Dataset records below:
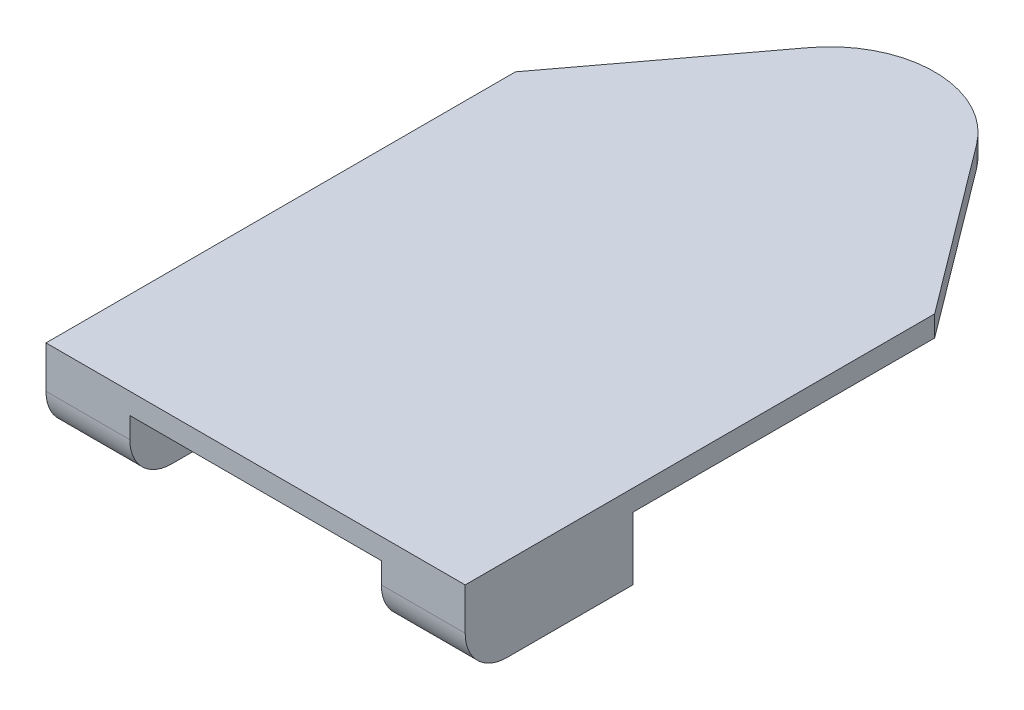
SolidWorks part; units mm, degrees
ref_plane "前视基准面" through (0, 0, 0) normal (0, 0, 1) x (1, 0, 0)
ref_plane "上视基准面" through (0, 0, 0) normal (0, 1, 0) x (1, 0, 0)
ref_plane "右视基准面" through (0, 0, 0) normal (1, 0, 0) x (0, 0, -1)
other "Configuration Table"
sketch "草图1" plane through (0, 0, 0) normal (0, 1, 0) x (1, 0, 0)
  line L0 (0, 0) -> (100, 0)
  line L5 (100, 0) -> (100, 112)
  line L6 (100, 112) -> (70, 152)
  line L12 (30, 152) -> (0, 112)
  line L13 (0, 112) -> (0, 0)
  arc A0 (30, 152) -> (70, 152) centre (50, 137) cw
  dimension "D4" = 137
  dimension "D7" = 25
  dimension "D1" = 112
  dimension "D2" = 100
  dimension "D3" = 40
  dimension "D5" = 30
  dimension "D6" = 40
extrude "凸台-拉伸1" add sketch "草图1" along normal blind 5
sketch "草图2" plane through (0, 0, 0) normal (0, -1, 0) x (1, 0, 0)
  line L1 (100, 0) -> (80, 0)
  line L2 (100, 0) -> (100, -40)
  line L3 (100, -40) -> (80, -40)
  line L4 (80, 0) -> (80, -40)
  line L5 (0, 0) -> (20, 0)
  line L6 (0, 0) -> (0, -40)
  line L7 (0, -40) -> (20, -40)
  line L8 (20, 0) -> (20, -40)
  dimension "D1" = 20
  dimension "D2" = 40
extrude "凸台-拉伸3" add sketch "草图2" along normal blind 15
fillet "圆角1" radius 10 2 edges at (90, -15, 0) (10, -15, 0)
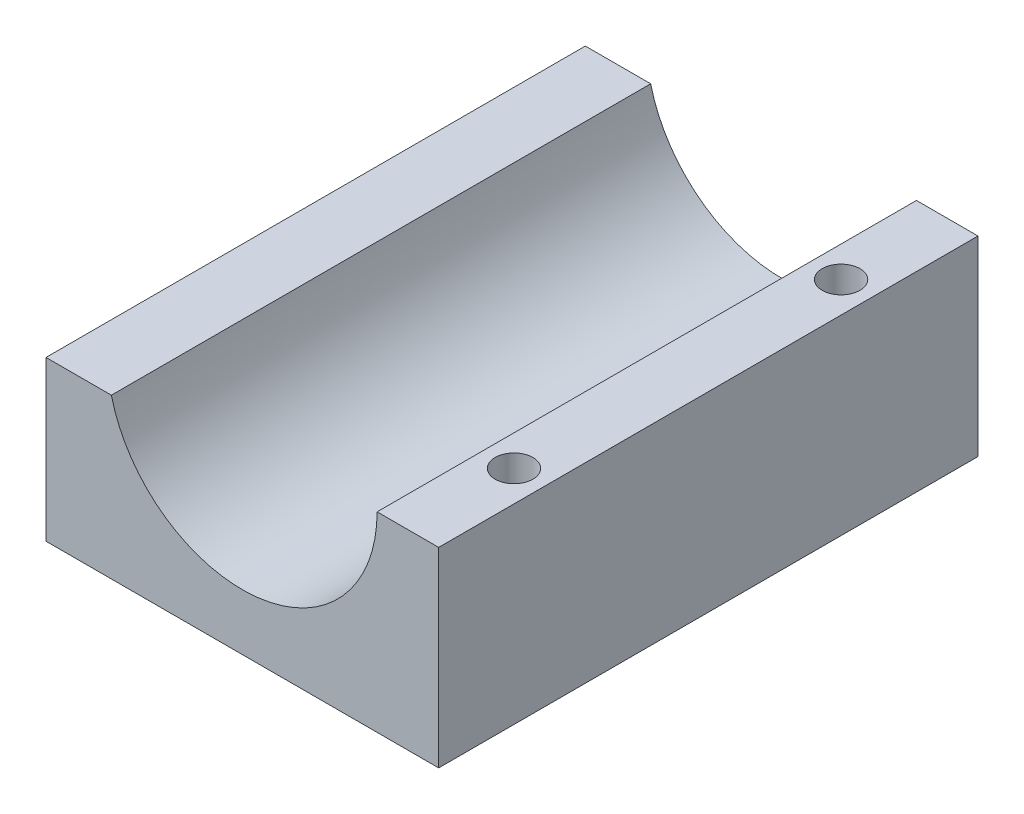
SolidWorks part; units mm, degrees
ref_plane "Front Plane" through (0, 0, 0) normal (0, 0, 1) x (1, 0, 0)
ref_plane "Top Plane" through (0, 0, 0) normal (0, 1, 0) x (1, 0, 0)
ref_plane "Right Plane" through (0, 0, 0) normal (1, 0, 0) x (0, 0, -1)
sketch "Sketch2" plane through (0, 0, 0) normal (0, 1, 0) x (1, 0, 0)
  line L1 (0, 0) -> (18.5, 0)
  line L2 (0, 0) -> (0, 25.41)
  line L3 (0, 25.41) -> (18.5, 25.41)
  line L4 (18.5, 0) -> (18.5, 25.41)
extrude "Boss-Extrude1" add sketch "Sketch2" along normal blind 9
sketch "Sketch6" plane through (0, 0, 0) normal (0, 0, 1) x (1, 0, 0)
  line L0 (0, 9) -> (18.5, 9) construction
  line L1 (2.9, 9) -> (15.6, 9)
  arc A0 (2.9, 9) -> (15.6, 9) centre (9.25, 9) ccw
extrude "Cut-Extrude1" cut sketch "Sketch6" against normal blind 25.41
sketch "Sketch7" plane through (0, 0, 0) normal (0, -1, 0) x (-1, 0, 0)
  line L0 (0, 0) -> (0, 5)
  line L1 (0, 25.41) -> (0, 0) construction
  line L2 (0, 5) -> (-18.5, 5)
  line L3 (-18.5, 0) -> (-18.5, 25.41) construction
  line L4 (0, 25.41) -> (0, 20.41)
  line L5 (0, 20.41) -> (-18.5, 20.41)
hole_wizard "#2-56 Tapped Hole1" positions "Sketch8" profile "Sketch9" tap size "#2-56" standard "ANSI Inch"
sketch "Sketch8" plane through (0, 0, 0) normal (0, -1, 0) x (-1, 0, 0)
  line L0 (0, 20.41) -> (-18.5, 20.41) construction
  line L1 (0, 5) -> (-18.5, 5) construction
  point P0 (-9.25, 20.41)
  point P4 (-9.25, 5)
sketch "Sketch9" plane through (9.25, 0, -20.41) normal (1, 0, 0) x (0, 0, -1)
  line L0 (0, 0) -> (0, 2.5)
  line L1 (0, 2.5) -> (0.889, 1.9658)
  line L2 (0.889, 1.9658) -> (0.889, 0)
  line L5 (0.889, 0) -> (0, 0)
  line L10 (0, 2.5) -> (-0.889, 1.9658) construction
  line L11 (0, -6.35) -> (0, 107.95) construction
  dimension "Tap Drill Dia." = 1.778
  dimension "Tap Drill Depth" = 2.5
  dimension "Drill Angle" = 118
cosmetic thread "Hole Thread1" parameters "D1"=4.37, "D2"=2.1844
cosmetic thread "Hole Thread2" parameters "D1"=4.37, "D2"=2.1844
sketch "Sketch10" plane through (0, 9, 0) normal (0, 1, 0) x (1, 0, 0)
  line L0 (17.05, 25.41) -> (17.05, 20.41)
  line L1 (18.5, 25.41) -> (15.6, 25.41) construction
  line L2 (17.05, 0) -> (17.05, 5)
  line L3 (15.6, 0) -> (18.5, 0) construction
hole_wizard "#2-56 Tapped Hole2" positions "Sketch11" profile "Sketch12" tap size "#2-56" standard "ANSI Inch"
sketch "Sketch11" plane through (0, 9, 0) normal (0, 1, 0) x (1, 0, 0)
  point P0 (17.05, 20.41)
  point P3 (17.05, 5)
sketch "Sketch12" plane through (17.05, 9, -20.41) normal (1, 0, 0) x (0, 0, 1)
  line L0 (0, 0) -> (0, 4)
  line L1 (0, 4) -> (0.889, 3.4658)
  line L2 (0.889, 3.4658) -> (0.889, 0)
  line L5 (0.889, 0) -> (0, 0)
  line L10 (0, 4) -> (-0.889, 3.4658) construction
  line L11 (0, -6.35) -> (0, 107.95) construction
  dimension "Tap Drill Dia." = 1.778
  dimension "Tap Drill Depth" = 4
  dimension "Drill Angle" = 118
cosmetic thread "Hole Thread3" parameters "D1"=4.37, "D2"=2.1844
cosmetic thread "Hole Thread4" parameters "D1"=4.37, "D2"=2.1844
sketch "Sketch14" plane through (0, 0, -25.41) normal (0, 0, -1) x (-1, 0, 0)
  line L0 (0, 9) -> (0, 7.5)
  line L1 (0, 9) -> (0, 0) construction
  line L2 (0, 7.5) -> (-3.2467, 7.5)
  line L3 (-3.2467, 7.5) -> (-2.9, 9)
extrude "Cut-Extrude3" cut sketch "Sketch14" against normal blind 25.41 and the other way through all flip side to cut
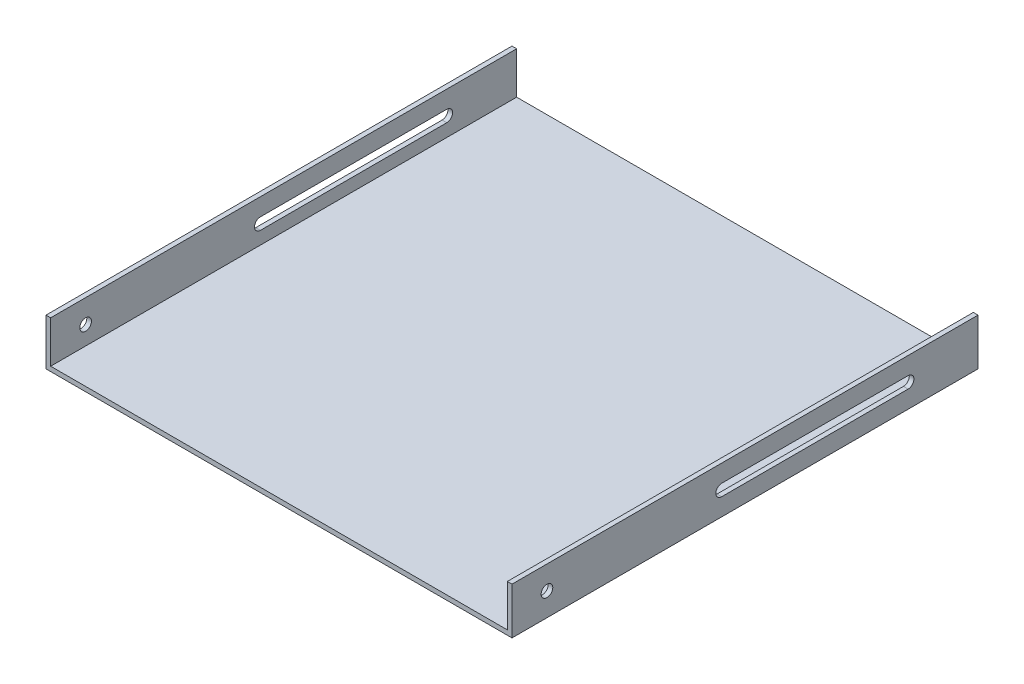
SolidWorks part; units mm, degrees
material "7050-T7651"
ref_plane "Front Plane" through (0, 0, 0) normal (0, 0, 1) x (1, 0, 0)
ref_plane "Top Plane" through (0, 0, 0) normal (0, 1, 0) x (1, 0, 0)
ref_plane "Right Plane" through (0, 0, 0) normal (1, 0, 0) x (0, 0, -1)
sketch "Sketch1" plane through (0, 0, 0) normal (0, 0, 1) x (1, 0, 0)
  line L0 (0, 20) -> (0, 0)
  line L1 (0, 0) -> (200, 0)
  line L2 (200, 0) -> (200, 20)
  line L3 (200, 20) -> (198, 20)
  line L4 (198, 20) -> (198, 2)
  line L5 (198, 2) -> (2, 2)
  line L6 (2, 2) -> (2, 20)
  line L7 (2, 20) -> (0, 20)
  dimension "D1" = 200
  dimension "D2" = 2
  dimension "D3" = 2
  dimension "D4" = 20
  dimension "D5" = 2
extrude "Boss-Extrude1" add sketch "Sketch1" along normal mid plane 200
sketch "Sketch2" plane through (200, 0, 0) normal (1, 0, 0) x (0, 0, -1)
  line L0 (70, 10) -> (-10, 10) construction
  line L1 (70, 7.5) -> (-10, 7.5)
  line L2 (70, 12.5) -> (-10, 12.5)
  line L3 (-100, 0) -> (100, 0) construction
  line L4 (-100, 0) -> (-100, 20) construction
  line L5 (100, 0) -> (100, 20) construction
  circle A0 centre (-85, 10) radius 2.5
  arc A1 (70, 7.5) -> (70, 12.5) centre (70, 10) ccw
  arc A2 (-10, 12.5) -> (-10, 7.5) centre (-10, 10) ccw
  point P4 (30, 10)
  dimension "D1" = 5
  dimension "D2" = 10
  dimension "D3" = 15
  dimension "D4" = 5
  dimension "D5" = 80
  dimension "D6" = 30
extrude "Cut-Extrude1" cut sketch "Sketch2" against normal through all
End of Dataset records.
### Exercise instructions:
Where the line containing "(200, 0, 0)" appears in the data above, begin there and reproduce every line to the end exactly; include nothing else.

### Task output:
sketch "Sketch2" plane through (200, 0, 0) normal (1, 0, 0) x (0, 0, -1)
  line L0 (70, 10) -> (-10, 10) construction
  line L1 (70, 7.5) -> (-10, 7.5)
  line L2 (70, 12.5) -> (-10, 12.5)
  line L3 (-100, 0) -> (100, 0) construction
  line L4 (-100, 0) -> (-100, 20) construction
  line L5 (100, 0) -> (100, 20) construction
  circle A0 centre (-85, 10) radius 2.5
  arc A1 (70, 7.5) -> (70, 12.5) centre (70, 10) ccw
  arc A2 (-10, 12.5) -> (-10, 7.5) centre (-10, 10) ccw
  point P4 (30, 10)
  dimension "D1" = 5
  dimension "D2" = 10
  dimension "D3" = 15
  dimension "D4" = 5
  dimension "D5" = 80
  dimension "D6" = 30
extrude "Cut-Extrude1" cut sketch "Sketch2" against normal through all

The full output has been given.